■ The task
Please copy each line below that contains the string "linetype".

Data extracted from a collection
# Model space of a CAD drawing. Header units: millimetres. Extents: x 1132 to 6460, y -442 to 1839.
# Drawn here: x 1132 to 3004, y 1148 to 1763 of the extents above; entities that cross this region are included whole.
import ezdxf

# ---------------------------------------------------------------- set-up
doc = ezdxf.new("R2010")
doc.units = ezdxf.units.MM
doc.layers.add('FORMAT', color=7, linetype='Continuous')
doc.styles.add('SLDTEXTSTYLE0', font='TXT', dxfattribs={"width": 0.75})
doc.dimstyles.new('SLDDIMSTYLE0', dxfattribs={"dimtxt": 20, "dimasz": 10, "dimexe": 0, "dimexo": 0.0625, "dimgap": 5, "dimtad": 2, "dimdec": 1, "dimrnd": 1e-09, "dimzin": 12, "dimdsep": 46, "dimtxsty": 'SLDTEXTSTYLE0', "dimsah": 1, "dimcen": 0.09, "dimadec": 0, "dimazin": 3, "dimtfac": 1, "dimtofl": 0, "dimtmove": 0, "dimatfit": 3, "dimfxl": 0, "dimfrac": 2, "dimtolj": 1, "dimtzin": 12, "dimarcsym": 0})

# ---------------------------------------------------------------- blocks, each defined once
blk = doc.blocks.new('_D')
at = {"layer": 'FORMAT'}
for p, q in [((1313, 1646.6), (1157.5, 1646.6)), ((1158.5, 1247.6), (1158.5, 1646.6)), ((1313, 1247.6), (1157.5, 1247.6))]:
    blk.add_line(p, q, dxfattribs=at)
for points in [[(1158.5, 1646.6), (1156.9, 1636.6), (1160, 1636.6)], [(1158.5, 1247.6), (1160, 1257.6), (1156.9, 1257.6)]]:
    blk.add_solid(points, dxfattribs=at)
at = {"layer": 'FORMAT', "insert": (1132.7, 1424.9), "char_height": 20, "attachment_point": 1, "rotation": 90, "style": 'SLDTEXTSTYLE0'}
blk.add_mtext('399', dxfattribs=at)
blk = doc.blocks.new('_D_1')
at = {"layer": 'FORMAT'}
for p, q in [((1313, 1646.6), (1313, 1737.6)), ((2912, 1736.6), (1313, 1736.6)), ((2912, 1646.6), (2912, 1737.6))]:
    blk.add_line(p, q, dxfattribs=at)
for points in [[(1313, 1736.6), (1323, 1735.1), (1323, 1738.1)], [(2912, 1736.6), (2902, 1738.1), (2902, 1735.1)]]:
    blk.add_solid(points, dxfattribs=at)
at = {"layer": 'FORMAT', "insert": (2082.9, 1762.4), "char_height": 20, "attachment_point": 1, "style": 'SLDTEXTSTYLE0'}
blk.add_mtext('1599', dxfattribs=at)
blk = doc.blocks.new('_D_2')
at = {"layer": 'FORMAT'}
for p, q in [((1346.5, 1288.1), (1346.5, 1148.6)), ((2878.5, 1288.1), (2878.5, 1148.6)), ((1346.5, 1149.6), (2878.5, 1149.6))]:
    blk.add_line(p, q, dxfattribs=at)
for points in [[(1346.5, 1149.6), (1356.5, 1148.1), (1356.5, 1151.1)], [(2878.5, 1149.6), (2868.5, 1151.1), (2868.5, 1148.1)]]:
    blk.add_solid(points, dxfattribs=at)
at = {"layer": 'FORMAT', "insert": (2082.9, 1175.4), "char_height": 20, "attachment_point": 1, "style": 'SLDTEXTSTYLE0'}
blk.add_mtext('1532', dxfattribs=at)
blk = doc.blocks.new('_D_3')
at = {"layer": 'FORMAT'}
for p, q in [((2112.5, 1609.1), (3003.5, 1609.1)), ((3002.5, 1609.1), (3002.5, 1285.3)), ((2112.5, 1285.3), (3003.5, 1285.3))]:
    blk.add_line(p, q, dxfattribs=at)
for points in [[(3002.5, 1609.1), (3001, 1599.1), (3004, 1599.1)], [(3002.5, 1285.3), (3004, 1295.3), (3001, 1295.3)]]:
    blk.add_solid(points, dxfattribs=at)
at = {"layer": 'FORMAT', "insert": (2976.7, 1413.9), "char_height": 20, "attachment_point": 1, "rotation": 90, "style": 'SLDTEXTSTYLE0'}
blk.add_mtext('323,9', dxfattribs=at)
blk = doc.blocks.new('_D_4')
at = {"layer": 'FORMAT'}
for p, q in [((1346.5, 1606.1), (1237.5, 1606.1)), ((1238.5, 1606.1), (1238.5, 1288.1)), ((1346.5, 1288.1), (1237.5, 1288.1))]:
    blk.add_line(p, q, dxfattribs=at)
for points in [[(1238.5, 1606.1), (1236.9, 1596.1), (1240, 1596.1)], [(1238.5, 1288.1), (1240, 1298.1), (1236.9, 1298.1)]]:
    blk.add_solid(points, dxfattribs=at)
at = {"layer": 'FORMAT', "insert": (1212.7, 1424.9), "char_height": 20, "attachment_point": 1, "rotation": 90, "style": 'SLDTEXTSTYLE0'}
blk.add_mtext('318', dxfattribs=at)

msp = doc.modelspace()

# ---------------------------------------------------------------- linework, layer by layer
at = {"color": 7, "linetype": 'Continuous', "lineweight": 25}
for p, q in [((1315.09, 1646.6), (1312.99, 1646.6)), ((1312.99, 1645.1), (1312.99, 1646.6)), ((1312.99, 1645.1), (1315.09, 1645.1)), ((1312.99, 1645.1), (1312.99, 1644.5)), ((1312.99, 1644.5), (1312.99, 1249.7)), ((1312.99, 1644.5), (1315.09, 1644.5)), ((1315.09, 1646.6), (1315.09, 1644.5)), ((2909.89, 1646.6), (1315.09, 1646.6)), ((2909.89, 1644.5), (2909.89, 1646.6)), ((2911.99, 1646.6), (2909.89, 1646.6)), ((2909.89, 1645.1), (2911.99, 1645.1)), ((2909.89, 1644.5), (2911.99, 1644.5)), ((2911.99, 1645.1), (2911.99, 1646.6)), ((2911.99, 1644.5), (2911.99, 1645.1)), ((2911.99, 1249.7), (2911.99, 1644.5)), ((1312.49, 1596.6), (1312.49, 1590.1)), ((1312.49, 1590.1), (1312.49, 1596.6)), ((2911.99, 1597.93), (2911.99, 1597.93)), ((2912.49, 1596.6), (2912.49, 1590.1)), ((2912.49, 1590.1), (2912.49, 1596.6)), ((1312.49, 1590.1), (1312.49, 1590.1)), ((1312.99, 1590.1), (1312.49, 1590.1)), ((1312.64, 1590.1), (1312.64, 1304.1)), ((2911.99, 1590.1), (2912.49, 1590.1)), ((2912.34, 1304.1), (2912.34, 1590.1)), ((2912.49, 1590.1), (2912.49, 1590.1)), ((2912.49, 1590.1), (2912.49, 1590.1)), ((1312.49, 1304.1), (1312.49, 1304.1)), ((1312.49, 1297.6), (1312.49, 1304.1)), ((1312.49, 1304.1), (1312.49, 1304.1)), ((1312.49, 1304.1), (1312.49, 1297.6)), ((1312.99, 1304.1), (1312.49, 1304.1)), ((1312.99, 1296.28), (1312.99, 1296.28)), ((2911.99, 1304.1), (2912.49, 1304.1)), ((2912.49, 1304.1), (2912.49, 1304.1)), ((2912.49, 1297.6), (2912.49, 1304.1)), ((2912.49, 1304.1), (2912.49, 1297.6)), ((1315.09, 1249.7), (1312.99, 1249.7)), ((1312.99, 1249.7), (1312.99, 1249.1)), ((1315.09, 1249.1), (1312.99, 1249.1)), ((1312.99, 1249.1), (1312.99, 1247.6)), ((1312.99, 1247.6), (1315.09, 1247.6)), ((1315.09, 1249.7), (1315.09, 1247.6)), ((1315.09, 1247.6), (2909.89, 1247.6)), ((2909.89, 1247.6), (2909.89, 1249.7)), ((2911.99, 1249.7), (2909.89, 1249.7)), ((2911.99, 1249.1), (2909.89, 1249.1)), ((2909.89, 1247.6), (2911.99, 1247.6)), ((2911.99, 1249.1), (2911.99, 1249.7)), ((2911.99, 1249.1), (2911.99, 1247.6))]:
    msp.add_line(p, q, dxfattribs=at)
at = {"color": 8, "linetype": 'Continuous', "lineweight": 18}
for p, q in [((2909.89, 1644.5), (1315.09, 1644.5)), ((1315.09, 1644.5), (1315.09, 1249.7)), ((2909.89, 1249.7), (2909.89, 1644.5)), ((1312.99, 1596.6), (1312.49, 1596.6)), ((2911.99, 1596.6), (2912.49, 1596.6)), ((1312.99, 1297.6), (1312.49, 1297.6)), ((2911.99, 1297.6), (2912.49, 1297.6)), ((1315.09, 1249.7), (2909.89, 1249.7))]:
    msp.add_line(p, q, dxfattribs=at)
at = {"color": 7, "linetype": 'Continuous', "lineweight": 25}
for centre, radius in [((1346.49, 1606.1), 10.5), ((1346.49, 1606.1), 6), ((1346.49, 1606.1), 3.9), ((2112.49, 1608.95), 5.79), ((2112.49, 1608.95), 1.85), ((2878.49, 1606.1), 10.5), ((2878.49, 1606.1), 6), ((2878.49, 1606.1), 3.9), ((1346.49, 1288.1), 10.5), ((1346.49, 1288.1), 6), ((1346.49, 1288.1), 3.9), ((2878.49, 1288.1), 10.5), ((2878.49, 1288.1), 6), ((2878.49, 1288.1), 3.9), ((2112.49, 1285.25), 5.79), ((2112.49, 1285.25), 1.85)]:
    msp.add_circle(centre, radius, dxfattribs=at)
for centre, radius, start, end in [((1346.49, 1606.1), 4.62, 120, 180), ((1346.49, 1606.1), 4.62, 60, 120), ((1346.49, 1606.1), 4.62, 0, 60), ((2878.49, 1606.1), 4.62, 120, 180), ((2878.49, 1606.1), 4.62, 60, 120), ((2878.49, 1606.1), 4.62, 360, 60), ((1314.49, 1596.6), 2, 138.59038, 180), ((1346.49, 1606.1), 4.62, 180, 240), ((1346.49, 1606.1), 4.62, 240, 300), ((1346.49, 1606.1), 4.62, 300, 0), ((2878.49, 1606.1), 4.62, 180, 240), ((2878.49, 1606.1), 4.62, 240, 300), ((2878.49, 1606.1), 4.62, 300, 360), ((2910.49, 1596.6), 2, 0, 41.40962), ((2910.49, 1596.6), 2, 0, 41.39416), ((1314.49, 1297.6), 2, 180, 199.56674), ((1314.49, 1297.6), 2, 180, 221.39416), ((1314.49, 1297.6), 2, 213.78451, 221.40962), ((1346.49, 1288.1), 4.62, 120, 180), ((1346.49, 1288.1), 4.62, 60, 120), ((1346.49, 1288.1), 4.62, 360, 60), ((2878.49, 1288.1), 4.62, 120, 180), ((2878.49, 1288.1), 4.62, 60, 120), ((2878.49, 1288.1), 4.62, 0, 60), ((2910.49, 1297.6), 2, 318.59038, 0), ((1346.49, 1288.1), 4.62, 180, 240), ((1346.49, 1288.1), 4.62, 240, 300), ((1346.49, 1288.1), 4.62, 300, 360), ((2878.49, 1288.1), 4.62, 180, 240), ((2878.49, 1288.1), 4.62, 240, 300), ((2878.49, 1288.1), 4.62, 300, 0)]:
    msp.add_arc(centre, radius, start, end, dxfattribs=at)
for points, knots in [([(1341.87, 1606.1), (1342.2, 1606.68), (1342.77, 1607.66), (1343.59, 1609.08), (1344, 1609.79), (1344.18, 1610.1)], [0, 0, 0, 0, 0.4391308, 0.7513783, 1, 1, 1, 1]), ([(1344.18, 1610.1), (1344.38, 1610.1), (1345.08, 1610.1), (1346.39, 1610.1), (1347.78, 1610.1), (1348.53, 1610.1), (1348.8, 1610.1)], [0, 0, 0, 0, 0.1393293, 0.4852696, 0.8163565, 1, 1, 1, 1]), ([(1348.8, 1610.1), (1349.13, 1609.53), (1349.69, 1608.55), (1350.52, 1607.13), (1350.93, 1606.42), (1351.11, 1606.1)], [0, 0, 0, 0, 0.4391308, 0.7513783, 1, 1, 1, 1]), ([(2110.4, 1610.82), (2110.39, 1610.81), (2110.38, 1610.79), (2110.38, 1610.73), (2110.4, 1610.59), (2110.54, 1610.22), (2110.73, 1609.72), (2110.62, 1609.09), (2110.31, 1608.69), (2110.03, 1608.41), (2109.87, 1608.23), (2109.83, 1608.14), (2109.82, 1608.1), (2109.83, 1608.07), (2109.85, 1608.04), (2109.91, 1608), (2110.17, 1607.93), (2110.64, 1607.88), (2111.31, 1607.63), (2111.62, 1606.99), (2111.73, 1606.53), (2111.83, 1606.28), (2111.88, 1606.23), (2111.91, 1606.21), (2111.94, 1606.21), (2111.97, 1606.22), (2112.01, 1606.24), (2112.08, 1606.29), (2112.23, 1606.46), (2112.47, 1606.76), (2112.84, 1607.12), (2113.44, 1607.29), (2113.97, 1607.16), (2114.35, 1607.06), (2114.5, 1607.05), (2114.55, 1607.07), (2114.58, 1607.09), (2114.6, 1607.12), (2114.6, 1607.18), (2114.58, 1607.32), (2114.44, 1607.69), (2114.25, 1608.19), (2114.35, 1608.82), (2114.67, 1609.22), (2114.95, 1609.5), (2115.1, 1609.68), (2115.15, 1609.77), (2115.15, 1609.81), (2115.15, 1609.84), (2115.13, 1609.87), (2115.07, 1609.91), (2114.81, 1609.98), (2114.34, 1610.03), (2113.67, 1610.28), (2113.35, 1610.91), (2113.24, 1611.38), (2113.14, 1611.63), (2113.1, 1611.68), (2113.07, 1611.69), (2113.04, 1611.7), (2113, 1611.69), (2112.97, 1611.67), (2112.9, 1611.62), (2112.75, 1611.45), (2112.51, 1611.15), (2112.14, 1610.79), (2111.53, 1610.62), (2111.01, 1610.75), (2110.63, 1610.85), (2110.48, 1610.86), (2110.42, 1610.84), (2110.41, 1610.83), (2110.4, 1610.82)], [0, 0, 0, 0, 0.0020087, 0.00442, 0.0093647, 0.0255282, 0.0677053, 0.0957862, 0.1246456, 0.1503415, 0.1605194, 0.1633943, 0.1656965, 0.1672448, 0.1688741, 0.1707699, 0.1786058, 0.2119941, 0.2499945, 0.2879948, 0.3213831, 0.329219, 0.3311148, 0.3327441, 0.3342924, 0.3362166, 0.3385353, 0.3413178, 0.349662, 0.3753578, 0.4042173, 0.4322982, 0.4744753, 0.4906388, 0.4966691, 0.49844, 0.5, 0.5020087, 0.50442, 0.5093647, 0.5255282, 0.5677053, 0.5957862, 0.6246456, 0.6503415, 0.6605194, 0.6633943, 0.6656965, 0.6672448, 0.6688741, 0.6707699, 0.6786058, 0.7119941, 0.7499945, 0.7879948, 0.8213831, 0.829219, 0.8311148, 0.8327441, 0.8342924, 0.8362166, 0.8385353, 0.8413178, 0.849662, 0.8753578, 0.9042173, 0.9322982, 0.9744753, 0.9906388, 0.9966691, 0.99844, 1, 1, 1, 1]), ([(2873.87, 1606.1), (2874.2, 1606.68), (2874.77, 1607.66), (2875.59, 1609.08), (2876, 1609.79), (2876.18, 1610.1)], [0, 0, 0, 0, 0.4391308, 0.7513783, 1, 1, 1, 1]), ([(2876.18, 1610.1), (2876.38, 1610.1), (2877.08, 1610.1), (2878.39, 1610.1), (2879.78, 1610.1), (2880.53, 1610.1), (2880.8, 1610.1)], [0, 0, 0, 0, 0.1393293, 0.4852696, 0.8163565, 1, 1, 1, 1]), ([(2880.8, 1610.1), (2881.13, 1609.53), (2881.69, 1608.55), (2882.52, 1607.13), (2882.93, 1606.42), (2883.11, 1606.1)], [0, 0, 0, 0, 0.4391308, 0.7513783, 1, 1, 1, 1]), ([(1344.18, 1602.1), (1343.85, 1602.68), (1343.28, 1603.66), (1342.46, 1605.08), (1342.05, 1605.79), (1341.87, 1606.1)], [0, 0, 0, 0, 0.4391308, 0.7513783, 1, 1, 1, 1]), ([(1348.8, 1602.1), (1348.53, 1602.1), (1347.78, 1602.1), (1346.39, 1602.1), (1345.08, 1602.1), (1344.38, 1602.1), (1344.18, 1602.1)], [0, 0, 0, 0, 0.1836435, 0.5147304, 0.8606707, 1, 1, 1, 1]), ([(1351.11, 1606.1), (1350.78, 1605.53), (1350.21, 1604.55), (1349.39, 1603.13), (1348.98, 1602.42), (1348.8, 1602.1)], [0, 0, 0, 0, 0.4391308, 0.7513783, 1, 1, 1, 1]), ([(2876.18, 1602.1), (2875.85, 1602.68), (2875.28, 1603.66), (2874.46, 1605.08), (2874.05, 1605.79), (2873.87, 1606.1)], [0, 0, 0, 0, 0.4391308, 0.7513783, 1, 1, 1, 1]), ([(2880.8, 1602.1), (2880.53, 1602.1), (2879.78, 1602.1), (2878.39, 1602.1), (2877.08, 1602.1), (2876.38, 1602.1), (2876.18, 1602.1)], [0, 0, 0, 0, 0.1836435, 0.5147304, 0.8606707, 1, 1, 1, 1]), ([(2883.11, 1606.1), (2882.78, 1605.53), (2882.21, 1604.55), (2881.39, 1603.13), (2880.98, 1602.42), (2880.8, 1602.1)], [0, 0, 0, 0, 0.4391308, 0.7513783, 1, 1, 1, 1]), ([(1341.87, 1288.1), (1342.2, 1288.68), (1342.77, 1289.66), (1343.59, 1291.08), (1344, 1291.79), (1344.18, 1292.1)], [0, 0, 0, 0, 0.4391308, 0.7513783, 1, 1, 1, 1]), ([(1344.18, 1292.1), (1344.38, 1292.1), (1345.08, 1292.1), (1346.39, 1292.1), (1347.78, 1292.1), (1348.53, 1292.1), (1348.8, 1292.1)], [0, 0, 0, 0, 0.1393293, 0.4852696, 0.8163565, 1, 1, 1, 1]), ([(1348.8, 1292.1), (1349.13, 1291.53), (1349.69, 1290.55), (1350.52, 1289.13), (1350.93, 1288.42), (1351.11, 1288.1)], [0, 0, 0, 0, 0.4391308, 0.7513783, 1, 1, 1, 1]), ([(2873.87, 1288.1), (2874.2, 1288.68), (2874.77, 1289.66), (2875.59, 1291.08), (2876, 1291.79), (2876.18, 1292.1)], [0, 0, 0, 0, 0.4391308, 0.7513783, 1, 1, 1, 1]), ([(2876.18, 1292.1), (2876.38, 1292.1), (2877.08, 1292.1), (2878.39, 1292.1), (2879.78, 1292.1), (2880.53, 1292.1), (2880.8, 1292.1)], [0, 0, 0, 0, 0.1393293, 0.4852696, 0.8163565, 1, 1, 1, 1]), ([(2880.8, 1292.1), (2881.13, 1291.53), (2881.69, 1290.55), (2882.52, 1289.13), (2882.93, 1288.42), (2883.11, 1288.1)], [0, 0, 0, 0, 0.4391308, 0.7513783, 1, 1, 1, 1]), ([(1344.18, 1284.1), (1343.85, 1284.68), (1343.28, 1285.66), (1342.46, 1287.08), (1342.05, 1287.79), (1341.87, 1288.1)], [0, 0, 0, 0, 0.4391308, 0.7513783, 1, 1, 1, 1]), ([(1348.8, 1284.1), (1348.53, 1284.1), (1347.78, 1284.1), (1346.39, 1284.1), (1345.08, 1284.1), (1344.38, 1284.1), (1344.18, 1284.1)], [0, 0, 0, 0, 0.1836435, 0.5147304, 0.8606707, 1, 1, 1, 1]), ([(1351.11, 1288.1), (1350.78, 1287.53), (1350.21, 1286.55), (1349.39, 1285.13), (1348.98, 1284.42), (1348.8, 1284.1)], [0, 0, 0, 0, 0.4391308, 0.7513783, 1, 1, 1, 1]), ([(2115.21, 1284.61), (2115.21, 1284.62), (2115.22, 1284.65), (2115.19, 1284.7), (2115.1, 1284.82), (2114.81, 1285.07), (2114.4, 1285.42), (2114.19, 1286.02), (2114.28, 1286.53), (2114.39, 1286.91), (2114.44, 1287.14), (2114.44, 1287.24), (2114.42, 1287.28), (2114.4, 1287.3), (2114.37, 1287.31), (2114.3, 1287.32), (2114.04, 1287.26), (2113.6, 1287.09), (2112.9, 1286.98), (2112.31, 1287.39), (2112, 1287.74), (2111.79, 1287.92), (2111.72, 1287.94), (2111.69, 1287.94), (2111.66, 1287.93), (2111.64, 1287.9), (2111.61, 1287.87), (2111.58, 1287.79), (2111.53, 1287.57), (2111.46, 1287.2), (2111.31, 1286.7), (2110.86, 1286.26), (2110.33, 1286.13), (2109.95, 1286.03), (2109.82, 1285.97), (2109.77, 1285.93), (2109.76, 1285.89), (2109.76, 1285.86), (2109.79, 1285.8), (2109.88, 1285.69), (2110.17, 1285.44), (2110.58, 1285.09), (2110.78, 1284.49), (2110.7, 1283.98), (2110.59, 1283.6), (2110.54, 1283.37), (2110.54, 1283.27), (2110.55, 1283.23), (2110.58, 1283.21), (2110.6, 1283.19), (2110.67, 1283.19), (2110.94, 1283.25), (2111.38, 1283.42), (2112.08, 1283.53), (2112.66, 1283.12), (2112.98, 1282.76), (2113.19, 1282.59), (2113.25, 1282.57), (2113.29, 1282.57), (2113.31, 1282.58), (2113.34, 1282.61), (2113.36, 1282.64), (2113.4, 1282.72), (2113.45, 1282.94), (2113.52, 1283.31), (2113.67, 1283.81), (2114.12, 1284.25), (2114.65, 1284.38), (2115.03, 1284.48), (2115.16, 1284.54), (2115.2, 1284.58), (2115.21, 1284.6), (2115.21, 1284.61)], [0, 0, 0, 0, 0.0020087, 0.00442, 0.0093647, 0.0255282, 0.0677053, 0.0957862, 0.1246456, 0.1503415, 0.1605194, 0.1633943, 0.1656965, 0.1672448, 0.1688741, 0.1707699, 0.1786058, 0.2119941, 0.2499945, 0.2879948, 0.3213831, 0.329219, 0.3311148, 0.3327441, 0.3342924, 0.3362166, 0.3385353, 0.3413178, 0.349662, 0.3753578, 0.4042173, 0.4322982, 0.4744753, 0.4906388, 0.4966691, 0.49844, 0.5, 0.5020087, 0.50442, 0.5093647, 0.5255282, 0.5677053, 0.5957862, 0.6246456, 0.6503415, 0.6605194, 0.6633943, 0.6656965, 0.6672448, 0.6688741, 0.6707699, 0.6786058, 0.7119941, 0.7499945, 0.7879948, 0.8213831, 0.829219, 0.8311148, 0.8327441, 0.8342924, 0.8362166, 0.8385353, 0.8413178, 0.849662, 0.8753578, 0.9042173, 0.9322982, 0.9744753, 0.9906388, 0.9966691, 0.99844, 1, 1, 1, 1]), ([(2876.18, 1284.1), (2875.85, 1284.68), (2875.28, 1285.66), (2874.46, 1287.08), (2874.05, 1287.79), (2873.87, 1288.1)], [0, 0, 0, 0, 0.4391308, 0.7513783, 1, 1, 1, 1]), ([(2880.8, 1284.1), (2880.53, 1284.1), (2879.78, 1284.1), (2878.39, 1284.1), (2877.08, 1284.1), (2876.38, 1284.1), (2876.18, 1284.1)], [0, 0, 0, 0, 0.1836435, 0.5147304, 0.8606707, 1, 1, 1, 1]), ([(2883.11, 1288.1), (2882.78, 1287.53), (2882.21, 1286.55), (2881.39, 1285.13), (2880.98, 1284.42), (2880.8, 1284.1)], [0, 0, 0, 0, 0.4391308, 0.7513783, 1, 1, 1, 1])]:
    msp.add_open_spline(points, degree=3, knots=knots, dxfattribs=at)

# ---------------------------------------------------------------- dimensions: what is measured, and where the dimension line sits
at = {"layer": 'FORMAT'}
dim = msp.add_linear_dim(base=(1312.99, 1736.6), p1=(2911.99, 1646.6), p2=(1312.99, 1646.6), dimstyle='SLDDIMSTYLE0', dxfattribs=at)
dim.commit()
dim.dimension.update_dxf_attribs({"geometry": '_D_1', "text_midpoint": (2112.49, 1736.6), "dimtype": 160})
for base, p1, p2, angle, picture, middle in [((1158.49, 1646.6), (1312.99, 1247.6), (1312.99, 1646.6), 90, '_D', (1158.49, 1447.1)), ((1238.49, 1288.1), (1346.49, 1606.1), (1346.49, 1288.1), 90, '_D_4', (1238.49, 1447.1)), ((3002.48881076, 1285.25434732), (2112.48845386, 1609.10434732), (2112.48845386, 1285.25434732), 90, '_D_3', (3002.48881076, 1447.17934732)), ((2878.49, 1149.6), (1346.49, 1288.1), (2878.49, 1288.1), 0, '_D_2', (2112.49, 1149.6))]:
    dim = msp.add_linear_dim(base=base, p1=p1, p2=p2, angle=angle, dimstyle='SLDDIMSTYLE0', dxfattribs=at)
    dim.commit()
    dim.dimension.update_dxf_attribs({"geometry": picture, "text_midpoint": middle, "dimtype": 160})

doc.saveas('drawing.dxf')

■ Exercise answer
doc.layers.add('FORMAT', color=7, linetype='Continuous')
at = {"color": 7, "linetype": 'Continuous', "lineweight": 25}
at = {"color": 8, "linetype": 'Continuous', "lineweight": 18}
at = {"color": 7, "linetype": 'Continuous', "lineweight": 25}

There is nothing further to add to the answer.